Problem to work on =>
For the data below, restate word for word only the lines from the line containing "5600 2200 5100 2200" through the line containing "- Q1, Q2, Q3, Q4, Q5: renamed", both ends included.

── Data for this exercise ──

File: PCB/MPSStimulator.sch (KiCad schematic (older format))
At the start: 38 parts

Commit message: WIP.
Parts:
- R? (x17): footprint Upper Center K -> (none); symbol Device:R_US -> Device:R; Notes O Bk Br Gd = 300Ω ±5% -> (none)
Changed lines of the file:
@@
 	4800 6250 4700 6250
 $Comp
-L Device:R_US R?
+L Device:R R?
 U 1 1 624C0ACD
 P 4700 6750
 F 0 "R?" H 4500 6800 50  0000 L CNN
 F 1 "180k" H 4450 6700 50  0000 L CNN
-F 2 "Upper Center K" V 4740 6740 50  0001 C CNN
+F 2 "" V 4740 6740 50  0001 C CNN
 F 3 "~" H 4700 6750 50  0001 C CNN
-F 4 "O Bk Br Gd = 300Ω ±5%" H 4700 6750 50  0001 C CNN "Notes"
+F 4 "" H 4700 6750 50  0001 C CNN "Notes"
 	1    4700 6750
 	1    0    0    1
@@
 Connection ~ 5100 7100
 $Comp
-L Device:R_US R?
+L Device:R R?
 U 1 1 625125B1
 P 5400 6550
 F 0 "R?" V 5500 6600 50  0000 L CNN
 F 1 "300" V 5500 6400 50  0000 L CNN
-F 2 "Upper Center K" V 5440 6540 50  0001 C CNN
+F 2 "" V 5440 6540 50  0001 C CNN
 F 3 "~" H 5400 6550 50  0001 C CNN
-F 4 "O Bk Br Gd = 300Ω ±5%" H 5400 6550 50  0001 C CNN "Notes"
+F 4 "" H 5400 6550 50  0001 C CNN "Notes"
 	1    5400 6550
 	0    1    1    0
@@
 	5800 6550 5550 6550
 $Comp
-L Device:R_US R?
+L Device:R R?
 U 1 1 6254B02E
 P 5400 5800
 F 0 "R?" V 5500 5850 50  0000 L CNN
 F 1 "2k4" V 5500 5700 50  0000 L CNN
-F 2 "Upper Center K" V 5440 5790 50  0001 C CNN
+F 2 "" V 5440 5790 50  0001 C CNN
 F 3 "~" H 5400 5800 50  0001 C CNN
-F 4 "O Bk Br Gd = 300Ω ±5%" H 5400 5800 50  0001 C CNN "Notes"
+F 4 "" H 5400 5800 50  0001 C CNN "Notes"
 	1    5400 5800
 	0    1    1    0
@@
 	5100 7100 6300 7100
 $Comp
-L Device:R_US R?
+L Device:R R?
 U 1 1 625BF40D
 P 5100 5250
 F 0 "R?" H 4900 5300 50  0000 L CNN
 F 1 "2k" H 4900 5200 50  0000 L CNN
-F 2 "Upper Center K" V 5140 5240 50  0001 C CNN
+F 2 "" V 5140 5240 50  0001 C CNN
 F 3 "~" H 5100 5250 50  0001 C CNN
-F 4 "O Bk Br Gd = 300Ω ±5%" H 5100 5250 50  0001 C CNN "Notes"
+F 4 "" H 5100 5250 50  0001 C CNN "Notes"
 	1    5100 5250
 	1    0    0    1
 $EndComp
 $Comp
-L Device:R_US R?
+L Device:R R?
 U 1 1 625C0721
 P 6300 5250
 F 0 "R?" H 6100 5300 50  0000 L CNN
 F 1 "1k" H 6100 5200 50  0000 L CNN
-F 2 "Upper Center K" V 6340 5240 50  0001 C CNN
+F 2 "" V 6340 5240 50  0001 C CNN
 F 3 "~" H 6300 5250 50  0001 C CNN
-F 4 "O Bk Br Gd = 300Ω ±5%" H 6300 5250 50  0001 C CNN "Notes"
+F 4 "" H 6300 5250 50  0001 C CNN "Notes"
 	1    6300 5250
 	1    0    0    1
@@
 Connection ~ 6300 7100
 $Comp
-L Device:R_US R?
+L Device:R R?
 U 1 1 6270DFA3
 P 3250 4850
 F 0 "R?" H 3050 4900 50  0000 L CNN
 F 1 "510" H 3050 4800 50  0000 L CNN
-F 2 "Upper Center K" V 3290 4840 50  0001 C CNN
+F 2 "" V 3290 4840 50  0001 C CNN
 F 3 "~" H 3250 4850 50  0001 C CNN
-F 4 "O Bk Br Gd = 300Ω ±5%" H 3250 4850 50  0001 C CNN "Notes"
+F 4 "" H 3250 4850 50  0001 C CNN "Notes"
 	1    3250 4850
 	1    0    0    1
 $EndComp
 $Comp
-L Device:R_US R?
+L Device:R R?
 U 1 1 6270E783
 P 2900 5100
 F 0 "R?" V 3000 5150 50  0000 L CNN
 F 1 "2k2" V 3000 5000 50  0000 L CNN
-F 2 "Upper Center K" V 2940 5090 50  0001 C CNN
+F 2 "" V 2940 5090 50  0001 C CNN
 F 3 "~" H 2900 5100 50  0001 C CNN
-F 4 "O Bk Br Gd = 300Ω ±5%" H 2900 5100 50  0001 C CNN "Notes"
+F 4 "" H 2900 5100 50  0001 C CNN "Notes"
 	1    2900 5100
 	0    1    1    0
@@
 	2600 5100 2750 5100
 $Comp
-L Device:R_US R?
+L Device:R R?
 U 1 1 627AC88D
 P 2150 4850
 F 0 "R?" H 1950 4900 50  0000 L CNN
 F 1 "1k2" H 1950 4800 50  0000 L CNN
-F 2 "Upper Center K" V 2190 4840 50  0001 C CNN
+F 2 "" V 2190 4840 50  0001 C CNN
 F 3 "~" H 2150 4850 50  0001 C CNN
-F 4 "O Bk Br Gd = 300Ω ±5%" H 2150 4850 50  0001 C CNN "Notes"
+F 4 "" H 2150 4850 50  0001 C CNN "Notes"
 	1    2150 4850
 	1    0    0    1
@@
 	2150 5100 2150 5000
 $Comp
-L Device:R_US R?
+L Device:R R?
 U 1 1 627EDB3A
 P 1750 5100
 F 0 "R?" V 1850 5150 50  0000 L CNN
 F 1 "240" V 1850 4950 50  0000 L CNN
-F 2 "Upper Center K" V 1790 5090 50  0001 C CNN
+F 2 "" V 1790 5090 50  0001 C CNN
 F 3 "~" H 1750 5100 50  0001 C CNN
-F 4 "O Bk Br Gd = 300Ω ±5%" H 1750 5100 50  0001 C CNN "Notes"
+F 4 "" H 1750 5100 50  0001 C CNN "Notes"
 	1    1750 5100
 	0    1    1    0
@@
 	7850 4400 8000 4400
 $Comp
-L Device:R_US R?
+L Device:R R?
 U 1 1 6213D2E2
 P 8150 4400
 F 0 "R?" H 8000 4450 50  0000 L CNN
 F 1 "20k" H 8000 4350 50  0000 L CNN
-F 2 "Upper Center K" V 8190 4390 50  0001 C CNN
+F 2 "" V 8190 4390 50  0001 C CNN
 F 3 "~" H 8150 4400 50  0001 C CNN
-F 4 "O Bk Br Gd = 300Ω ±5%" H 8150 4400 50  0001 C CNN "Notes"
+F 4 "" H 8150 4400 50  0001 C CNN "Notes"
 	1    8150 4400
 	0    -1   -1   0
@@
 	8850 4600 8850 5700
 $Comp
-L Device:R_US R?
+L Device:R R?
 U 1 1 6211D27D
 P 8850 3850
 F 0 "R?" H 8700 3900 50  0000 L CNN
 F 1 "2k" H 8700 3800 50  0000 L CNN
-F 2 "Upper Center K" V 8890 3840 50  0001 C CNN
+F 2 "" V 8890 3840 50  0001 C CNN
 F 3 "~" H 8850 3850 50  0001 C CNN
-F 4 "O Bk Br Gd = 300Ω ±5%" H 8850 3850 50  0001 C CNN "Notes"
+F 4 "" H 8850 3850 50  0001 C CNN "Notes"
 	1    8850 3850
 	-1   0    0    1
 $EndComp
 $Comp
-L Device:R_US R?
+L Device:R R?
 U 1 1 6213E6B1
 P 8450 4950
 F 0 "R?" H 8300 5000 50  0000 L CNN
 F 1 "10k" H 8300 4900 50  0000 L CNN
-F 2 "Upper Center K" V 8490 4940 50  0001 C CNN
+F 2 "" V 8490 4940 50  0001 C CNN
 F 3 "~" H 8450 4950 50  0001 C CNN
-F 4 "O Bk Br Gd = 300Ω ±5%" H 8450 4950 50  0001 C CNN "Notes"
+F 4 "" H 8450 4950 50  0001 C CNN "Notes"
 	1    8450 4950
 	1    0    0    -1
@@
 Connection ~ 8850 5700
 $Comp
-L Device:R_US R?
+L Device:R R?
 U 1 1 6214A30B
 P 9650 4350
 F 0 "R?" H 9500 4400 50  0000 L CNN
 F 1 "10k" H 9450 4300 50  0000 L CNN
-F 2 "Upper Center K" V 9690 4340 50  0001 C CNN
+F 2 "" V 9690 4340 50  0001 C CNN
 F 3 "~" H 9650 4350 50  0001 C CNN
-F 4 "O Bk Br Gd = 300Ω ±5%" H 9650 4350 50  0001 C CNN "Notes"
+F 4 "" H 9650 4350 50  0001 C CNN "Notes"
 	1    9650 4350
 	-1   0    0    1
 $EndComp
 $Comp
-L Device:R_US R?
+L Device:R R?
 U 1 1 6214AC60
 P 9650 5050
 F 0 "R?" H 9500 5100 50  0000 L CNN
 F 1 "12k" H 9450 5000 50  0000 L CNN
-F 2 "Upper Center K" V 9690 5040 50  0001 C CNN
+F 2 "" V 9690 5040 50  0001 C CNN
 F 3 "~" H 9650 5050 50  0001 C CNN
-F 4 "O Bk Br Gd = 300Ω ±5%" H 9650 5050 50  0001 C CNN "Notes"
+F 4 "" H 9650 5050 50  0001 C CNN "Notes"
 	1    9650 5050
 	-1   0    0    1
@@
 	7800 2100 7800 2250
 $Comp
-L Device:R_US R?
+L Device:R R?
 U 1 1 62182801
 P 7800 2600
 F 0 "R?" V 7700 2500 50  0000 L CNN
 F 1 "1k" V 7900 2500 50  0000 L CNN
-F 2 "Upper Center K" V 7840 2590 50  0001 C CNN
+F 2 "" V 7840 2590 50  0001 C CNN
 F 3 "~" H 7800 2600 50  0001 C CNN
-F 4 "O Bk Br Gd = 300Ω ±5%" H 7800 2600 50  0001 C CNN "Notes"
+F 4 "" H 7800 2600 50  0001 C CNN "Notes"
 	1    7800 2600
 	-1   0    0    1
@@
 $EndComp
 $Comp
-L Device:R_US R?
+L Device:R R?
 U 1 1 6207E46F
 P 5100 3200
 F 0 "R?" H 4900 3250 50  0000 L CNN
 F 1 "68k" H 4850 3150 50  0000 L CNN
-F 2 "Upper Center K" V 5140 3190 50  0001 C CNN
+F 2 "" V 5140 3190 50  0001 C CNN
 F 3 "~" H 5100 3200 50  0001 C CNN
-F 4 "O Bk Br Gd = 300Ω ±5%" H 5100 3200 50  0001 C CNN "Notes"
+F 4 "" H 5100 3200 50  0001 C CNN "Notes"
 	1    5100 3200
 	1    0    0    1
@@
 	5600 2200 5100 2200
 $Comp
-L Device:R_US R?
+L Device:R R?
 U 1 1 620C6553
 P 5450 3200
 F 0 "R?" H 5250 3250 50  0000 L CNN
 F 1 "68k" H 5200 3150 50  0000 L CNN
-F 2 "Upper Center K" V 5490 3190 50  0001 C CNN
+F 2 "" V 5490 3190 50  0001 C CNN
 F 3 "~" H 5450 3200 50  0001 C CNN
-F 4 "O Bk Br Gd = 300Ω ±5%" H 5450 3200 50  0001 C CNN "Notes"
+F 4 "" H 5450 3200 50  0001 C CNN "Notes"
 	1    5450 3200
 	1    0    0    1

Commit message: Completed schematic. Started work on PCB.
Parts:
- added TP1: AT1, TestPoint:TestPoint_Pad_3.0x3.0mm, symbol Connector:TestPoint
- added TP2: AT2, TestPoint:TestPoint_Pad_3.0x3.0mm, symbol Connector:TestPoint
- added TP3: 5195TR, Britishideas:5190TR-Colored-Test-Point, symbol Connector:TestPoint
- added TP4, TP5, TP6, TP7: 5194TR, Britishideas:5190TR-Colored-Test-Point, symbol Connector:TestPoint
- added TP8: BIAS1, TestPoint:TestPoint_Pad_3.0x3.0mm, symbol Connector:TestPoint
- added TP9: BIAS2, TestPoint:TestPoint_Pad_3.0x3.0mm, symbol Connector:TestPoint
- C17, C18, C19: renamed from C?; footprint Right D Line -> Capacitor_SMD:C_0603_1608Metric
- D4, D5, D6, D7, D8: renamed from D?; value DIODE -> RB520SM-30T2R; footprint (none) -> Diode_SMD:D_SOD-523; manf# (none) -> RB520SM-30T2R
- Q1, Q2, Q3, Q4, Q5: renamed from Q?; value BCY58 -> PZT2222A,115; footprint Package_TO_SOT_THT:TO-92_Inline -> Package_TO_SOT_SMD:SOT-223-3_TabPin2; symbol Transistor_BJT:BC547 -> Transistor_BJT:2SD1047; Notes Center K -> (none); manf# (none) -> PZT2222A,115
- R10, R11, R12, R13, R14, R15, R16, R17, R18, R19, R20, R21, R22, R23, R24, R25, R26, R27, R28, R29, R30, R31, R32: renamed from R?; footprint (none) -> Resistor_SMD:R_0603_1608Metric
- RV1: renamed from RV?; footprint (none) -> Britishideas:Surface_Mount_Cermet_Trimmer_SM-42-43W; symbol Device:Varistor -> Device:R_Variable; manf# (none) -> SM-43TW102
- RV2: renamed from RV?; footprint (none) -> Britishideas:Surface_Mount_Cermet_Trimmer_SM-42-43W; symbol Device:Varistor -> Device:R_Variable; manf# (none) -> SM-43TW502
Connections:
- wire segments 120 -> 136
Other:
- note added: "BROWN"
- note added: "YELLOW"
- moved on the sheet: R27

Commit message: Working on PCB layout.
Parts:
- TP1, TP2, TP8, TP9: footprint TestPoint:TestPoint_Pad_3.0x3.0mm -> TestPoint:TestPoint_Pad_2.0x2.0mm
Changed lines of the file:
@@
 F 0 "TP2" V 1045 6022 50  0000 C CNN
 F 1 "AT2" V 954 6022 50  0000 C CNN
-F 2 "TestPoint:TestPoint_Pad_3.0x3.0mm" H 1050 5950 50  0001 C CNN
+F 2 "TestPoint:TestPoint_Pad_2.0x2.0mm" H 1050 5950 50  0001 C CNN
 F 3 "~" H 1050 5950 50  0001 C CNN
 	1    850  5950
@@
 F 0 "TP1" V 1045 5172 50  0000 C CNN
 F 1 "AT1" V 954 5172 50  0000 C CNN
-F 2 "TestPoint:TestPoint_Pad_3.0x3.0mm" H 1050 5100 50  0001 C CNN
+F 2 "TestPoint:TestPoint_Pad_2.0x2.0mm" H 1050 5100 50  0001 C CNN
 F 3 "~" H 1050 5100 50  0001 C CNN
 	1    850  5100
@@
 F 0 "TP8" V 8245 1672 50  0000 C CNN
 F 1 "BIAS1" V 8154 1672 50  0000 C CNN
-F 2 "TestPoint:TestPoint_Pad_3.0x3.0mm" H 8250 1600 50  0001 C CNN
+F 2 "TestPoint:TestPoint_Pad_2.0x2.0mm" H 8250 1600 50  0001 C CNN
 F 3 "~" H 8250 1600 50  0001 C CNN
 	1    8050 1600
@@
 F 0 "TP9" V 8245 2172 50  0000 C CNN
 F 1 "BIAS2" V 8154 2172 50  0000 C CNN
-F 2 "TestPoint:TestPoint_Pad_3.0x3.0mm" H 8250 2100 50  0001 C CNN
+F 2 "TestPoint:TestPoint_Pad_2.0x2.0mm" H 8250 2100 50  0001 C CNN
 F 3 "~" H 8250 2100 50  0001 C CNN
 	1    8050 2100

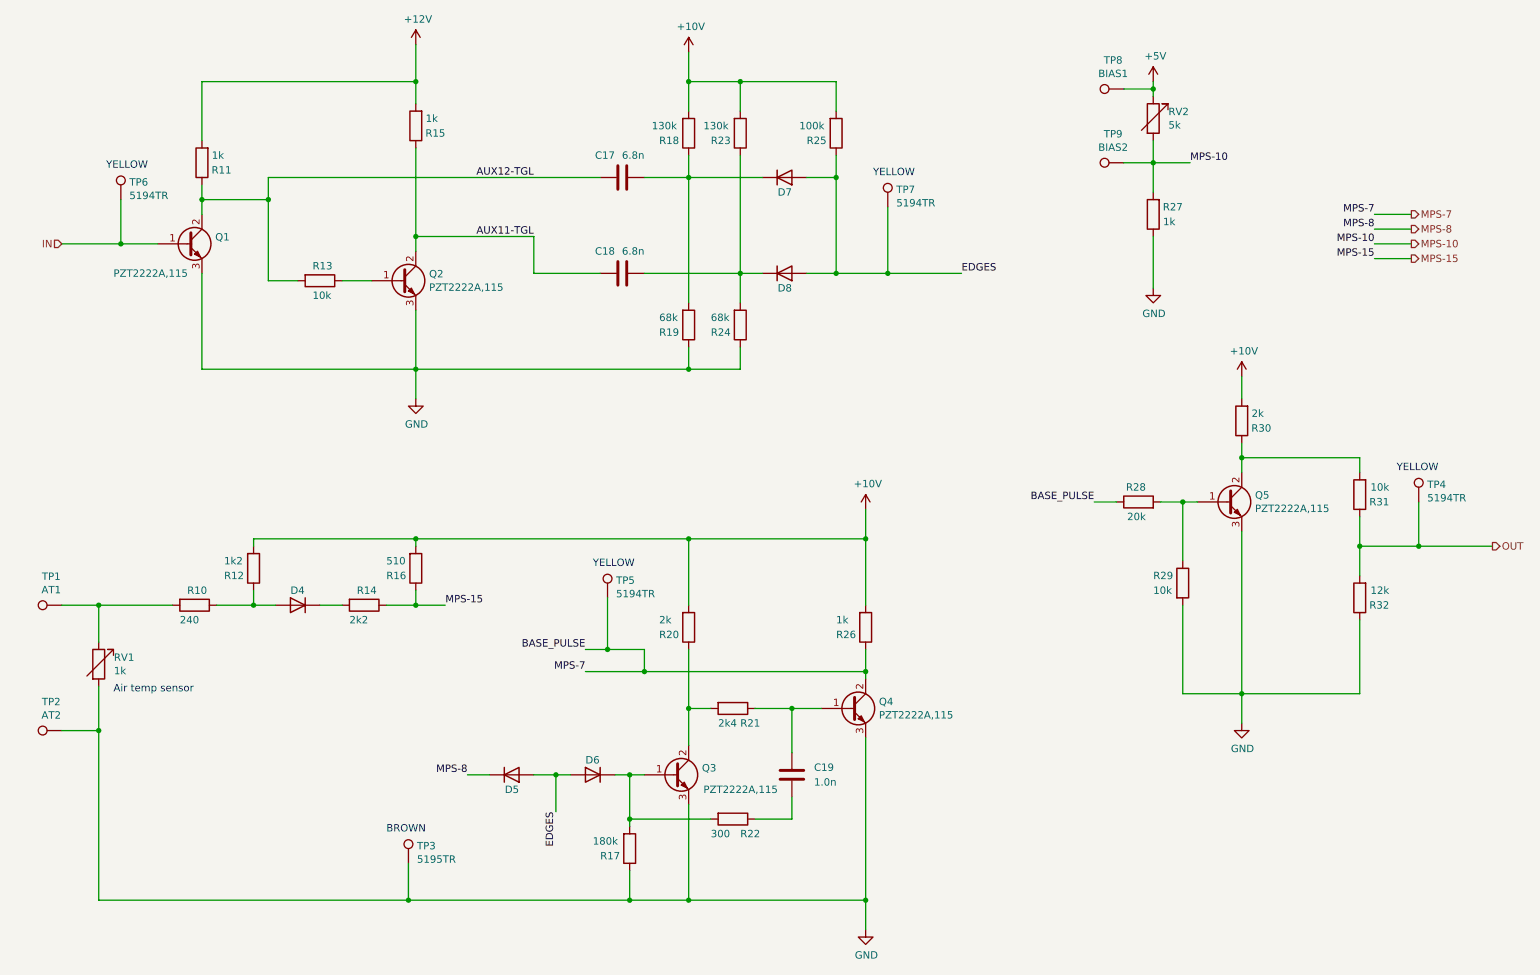
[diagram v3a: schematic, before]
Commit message: Added status LED, remove LCD connectors, changed MPS connector to screw terminal block, added 12V power connections, removed 5V to 12V boost converter. Completely reworked PCB. Removed old PCB CAD files.
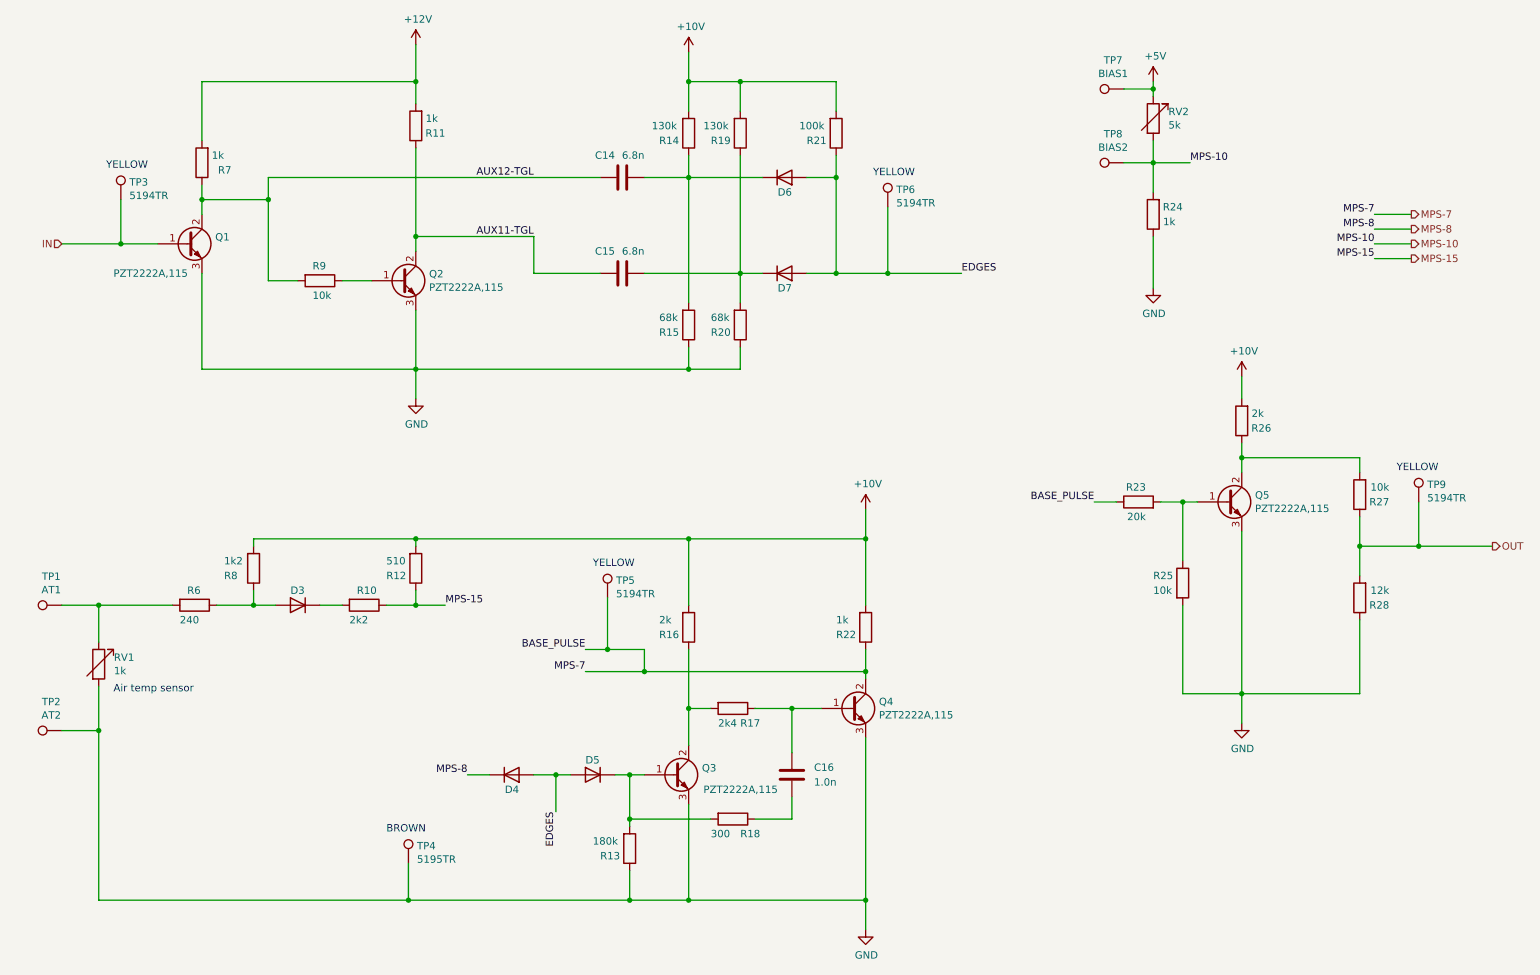
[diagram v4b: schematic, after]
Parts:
- renumbered C17 to C14, C18 to C15, C19 to C16, D4 to D3, D5 to D4, D6 to D5, D7 to D6, D8 to D7, R14 to R10, R15 to R11, R16 to R12, R17 to R13, R18 to R14, R19 to R15, R20 to R16, R21 to R17, R22 to R18, R23 to R19, R24 to R20, R25 to R21, R26 to R22, R28 to R23, R27 to R24, R29 to R25, R30 to R26, R31 to R27, R32 to R28, R10 to R6, R11 to R7, R12 to R8, R13 to R9, TP6 to TP3, TP3 to TP4, TP7 to TP6, TP8 to TP7, TP9 to TP8, TP4 to TP9

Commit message: Added LED for 12V power. Added resistor on MPS_STIMULUS signal. Moved track away from mounting hole. Fixed orientation of diodes. Added PDF of schematic. Updated manufacturing files.
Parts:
- added R30: 10k, Resistor_SMD:R_0603_1608Metric, symbol Device:R
- D3, D4, D5, D6, D7: symbol Simulation_SPICE:DIODE -> Device:D
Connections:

───

Answer space =>
 	5600 2200 5100 2200
 $Comp
-L Device:R_US R?
+L Device:R R?
 U 1 1 620C6553
 P 5450 3200
 F 0 "R?" H 5250 3250 50  0000 L CNN
 F 1 "68k" H 5200 3150 50  0000 L CNN
-F 2 "Upper Center K" V 5490 3190 50  0001 C CNN
+F 2 "" V 5490 3190 50  0001 C CNN
 F 3 "~" H 5450 3200 50  0001 C CNN
-F 4 "O Bk Br Gd = 300Ω ±5%" H 5450 3200 50  0001 C CNN "Notes"
+F 4 "" H 5450 3200 50  0001 C CNN "Notes"
 	1    5450 3200
 	1    0    0    1

Commit message: Completed schematic. Started work on PCB.
Parts:
- added TP1: AT1, TestPoint:TestPoint_Pad_3.0x3.0mm, symbol Connector:TestPoint
- added TP2: AT2, TestPoint:TestPoint_Pad_3.0x3.0mm, symbol Connector:TestPoint
- added TP3: 5195TR, Britishideas:5190TR-Colored-Test-Point, symbol Connector:TestPoint
- added TP4, TP5, TP6, TP7: 5194TR, Britishideas:5190TR-Colored-Test-Point, symbol Connector:TestPoint
- added TP8: BIAS1, TestPoint:TestPoint_Pad_3.0x3.0mm, symbol Connector:TestPoint
- added TP9: BIAS2, TestPoint:TestPoint_Pad_3.0x3.0mm, symbol Connector:TestPoint
- C17, C18, C19: renamed from C?; footprint Right D Line -> Capacitor_SMD:C_0603_1608Metric
- D4, D5, D6, D7, D8: renamed from D?; value DIODE -> RB520SM-30T2R; footprint (none) -> Diode_SMD:D_SOD-523; manf# (none) -> RB520SM-30T2R
- Q1, Q2, Q3, Q4, Q5: renamed from Q?; value BCY58 -> PZT2222A,115; footprint Package_TO_SOT_THT:TO-92_Inline -> Package_TO_SOT_SMD:SOT-223-3_TabPin2; symbol Transistor_BJT:BC547 -> Transistor_BJT:2SD1047; Notes Center K -> (none); manf# (none) -> PZT2222A,115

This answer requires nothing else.